Een van de uitgangspunten bij het ontwerp van de nieuwe woningen is het respecteren van de belangen en privacy van omwonenden. In dat kader is er door Paul Tesser Architect onderzoek gedaan naar de bezonning. Het gaat daarbij zowel om de invloed van het bouwplan op de bezonning van de omliggende woningen, als om de bezonningssituatie van de nieuwe woningen zelf. De Bezonningsstudie is als bijlage 7 bij deze toelichting gevoegd. In deze studie is uitgegaan van het plan voor de bouw van drie-onder-één-kapwoningen. Hierbij is uitgegaan van een goothoogte van 10,68 m, een bouwhoogte van 5,88 m en een daktype schilddak. De regels in dit wijzigingsplan gaan uit van een goothoogte van 11 m, een bouwhoogte van 7 m en geen dakvorm, wel een kap. De verschillen in de goothoogte en bouwhoogte zullen geen significante effecten hebben. Vooral de dakvorm kan een verschil maken. Een worst-case dakvorm is echter niet realistisch aangezien ook aan de eisen van Welstand moet worden voldaan.

Een gewijzigd bouwplan naar twee-onder-één-kapwoningen kan aanleiding zijn deze studie hierop aan te passen. Overigens is niet te verwachten dat de conclusies anders zijn, omdat de bouwmassa niet toeneemt.

Een paar tekeningen uit de Bezonningsstudie zijn in figuur 12 weergegeven. Het gaat daarbij om drie situaties bij de wisseling van de seizoenen op 21 maart, 21 juni (langste dag) en 21 december (kortste dag).

afbeelding "i_NL.IMRO.0310.0012WP14013-VG01_0015.jpg"

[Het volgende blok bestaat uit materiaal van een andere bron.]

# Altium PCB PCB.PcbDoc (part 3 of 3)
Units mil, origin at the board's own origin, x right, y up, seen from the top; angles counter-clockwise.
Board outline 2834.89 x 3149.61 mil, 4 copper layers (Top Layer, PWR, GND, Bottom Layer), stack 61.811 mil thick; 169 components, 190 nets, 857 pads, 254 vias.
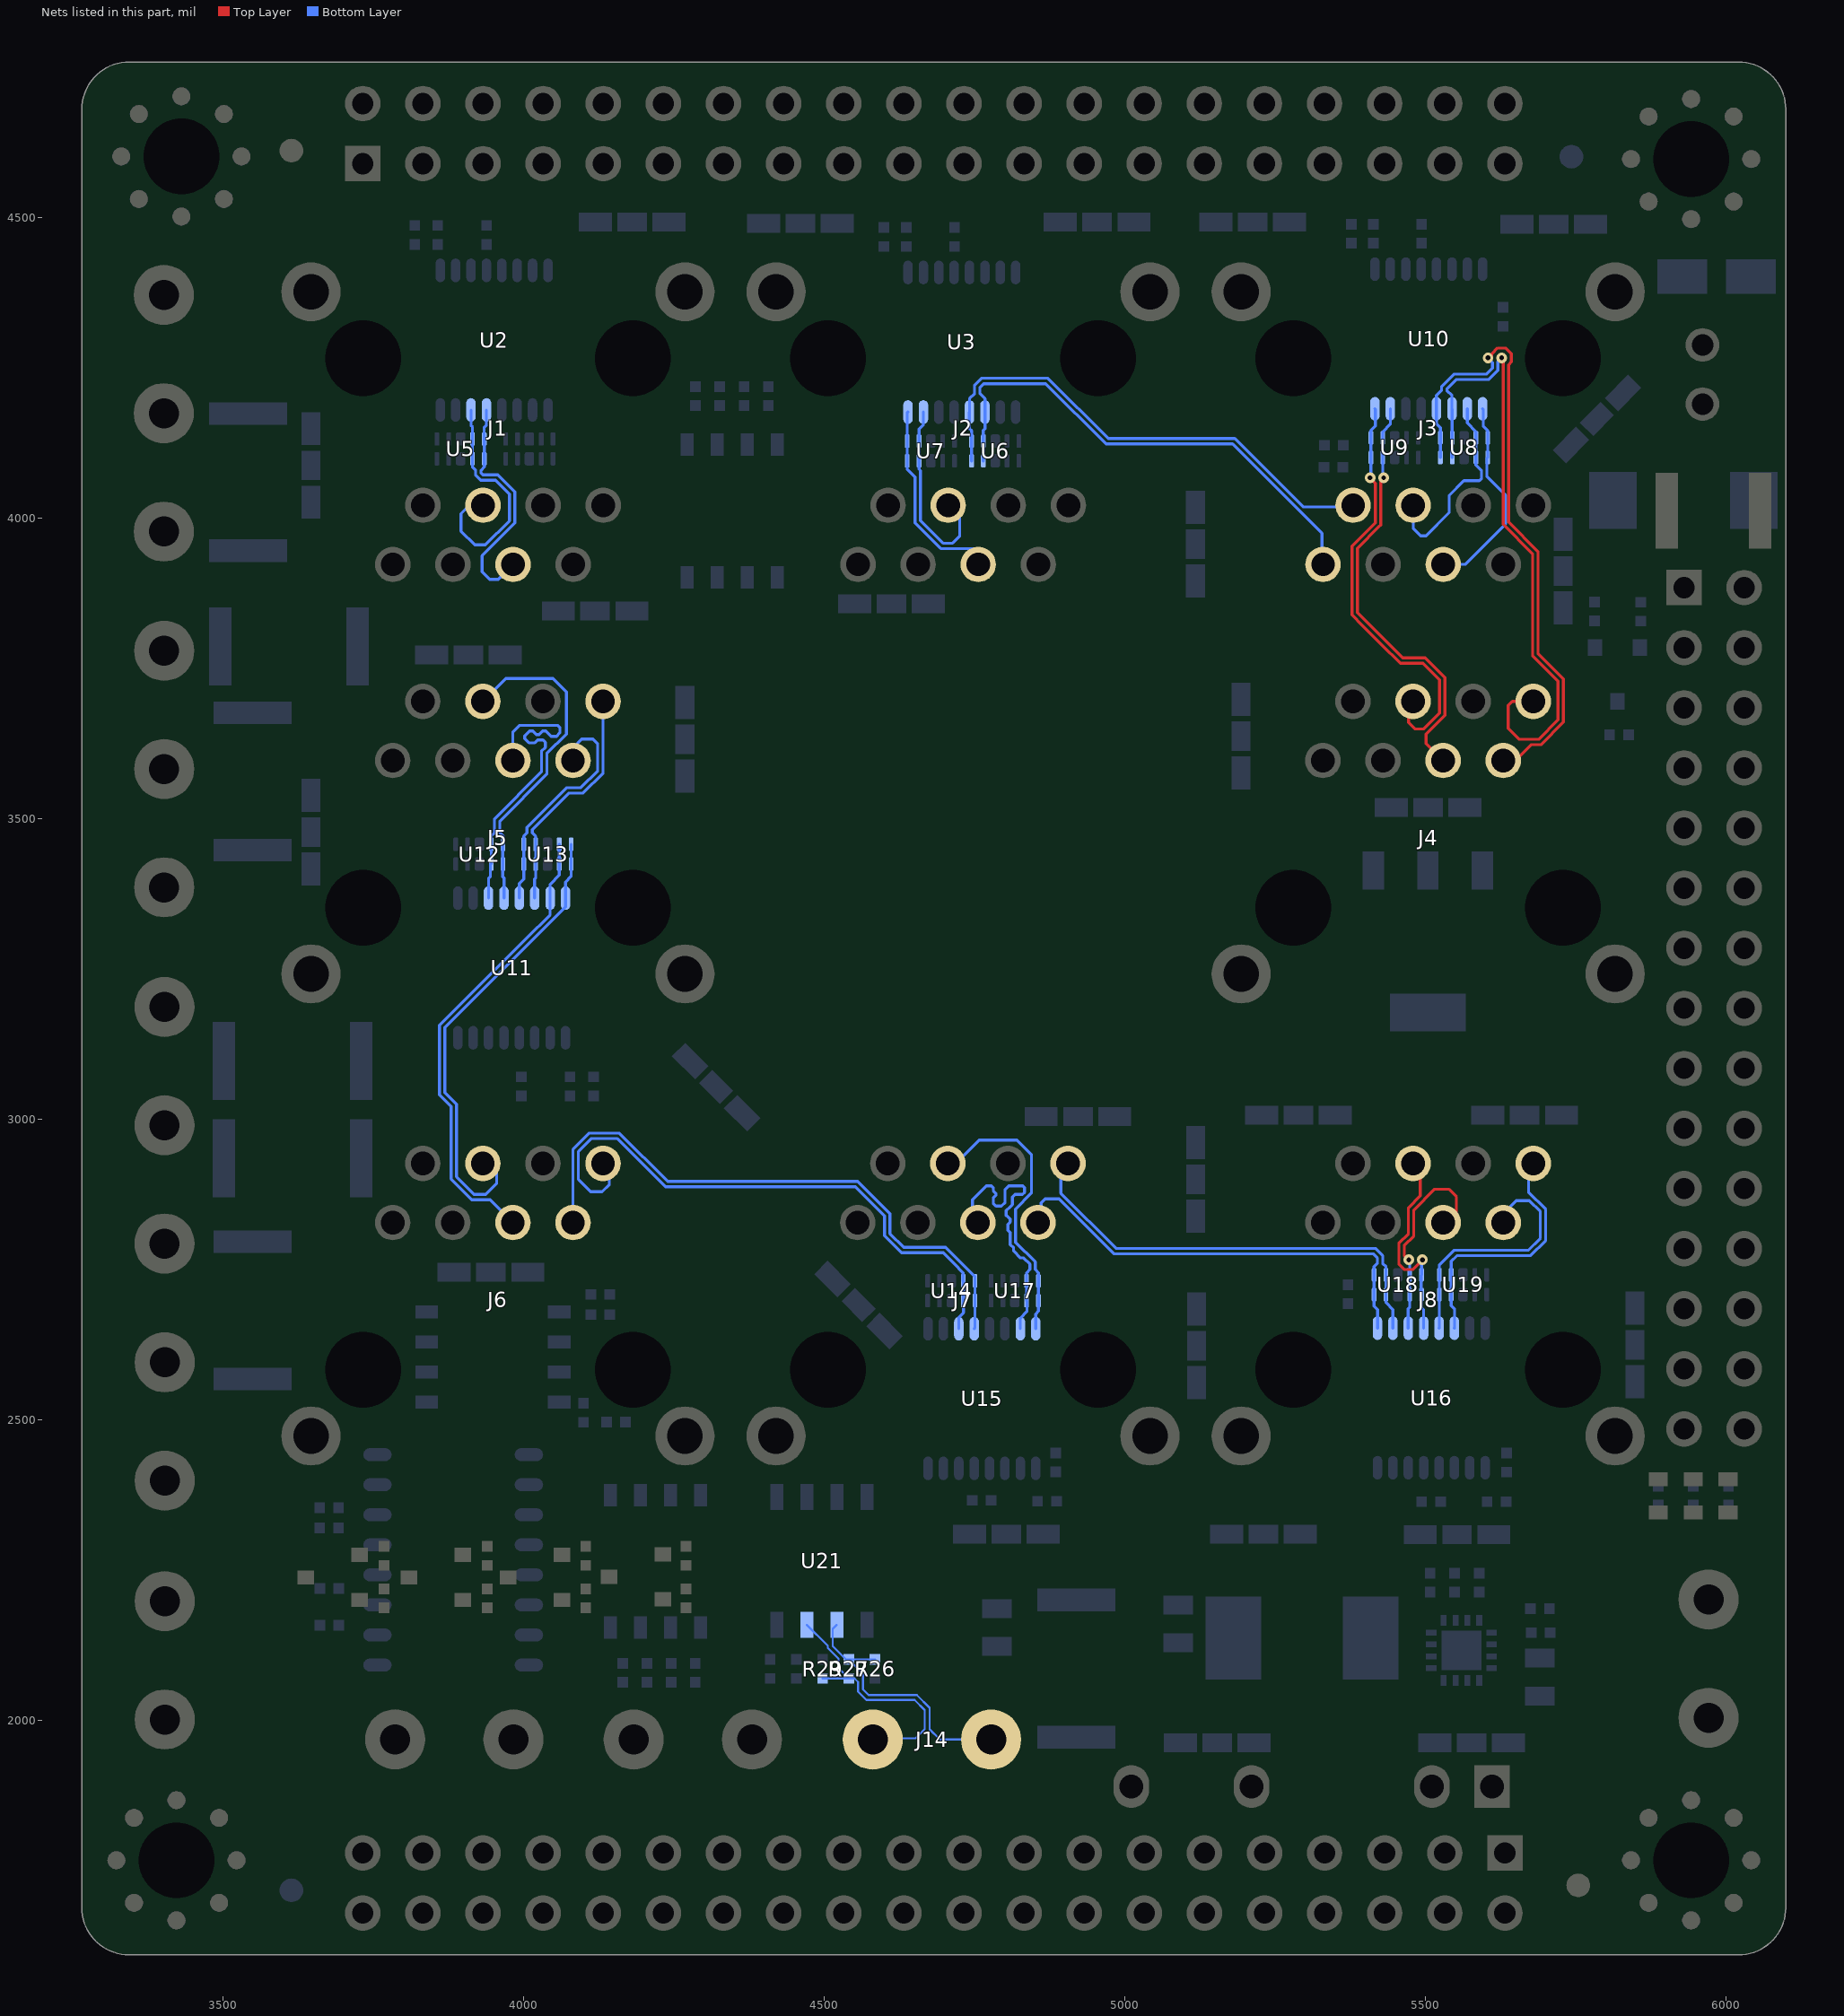
[diagram p5: the nets of this part, all layers, seen from the top]

## Via types
v1: diameter 17.72, hole 7.87, Top Layer to Bottom Layer, tented both sides, 254 vias

## Nets (pads, with @x,y where several pads share a name; then routed paths per layer and width w, separated by ;. In a path a pad name is that pad's centre, name@x,y a point inside that pad or via, vN(x,y) a via of type N, cw(c..) or ccw(c..) an arc to the next point about the centre after c; other vN are vias at no path point) (continued)
SDATA3_N: J3.2 U3.12 U6.5 U6.6 | length 855.4
  Bottom Layer w4.96: U6.5@4745.07,4095.87 U6.6@4745.07,4128.74 4745.07,4146.17 4741.55,4149.69 4741.55,4176.88 U3.12@4741.72,4177.05 4741.72,4199.21 4750.03,4207.53 4750.03,4222.03 4761.35,4233.34 4872.35,4233.34 4972.55,4133.14 5182.92,4133.14 5296.72,4019.34 5377.13,4019.34 J3.2@5379.86,4022.07
SDATA3_P: J3.1 U3.11 U6.4 U6.7 | length 854.5
  Bottom Layer w4.96: U6.4@4764.75,4095.87 U6.7@4764.75,4128.74 4764.75,4146.34 4767.7,4149.29 4767.7,4176.65 U3.11@4767.31,4177.05 4767.31,4199.21 4758.99,4207.53 4758.99,4218.31 4765.06,4224.38 4868.64,4224.38 4968.84,4124.18 5179.21,4124.18 5328.1,3975.29 5328.1,3925.4 J3.1@5329.86,3923.64
SDATA4_N: J4.2 U8.5 U8.6 U10.12 | length 1075.3
  Top Layer w4.96: v1(5604.2,4267.27) 5610.58,4267.27 5610.58,4274.04 5620.15,4283.61 5633.69,4283.61 5643.26,4274.04 5643.26,4260.5 5638.41,4255.65 5638.41,3994.01 5687.37,3945.04 5687.37,3775.48 5729.84,3733.01 5729.84,3661.15 5692.27,3623.58 5675.66,3623.58 5649.47,3597.39 J4.2@5629.46,3597.39
  Bottom Layer w4.96: U8.5@5525.06,4101.46 U8.6@5525.06,4134.33 5525.06,4151.32 5518.62,4157.75 U10.12@5518.62,4182.63 5518.62,4204.8 5526.94,4213.11 5526.94,4219.25 5547.99,4240.3 5602.08,4240.3 5611.91,4250.13 5611.91,4259.56 v1(5604.2,4267.27)
SDATA4_P: J4.1 U8.4 U8.7 U10.11 | length 1066.5
  Top Layer w4.96: v1(5626.92,4267.27) 5629.45,4264.74 5629.45,3990.3 5678.41,3941.33 5678.41,3771.76 5720.88,3729.3 5720.88,3664.86 5688.56,3632.54 5656.47,3632.54 5637.85,3651.15 5637.85,3688.79 5644.87,3695.81 J4.1@5679.46,3695.81
  Bottom Layer w4.96: U8.4@5544.74,4101.46 U8.7@5544.74,4134.33 5544.74,4182.11 U10.11@5544.21,4182.63 5544.21,4204.8 5535.9,4213.11 5535.9,4215.54 5551.7,4231.34 5605.79,4231.34 5620.87,4246.42 5620.87,4261.22 v1(5626.92,4267.27)
SDATA5_N: J5.2 U11.13 U13.1 U13.10 | length 395.4
  Bottom Layer w4.96: U11.13@3992.77,3368.33 3992.77,3392.45 4000.23,3399.9 U13.10@4000.23,3425.06 U13.1@4000.23,3457.94 4000.23,3471.54 4005.59,3476.9 4005.59,3485.73 4071.9,3552.05 4094.98,3552.05 4123.07,3580.14 4123.07,3624.94 4115.14,3632.87 4096.52,3632.87 4082.04,3618.39 J5.2@4082.04,3597.39
SDATA5_P: J5.1 U11.14 U13.2 U13.9 | length 392.5
  Bottom Layer w4.96: U11.14@4018.36,3368.33 4018.36,3400.21 4019.91,3401.76 U13.9@4019.91,3425.06 U13.2@4019.91,3457.94 4019.91,3471.54 4014.55,3476.9 4014.55,3482.02 4075.61,3543.09 4098.69,3543.09 4132.03,3576.43 4132.03,3628.65 J5.1@4132.04,3695.81
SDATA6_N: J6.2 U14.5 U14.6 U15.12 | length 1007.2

Figuur 12: Bezonningsstudie


Uit de tekeningen blijkt dat voor de bestaande woningen in de omgeving van het plangebied de oude en nieuwe situatie in grote mate vergelijkbaar zijn. Het gaat daarbij met name om de woningen aan de overzijde van de 1e Brandenburgerweg, die op circa 37 m van het plangebied liggen.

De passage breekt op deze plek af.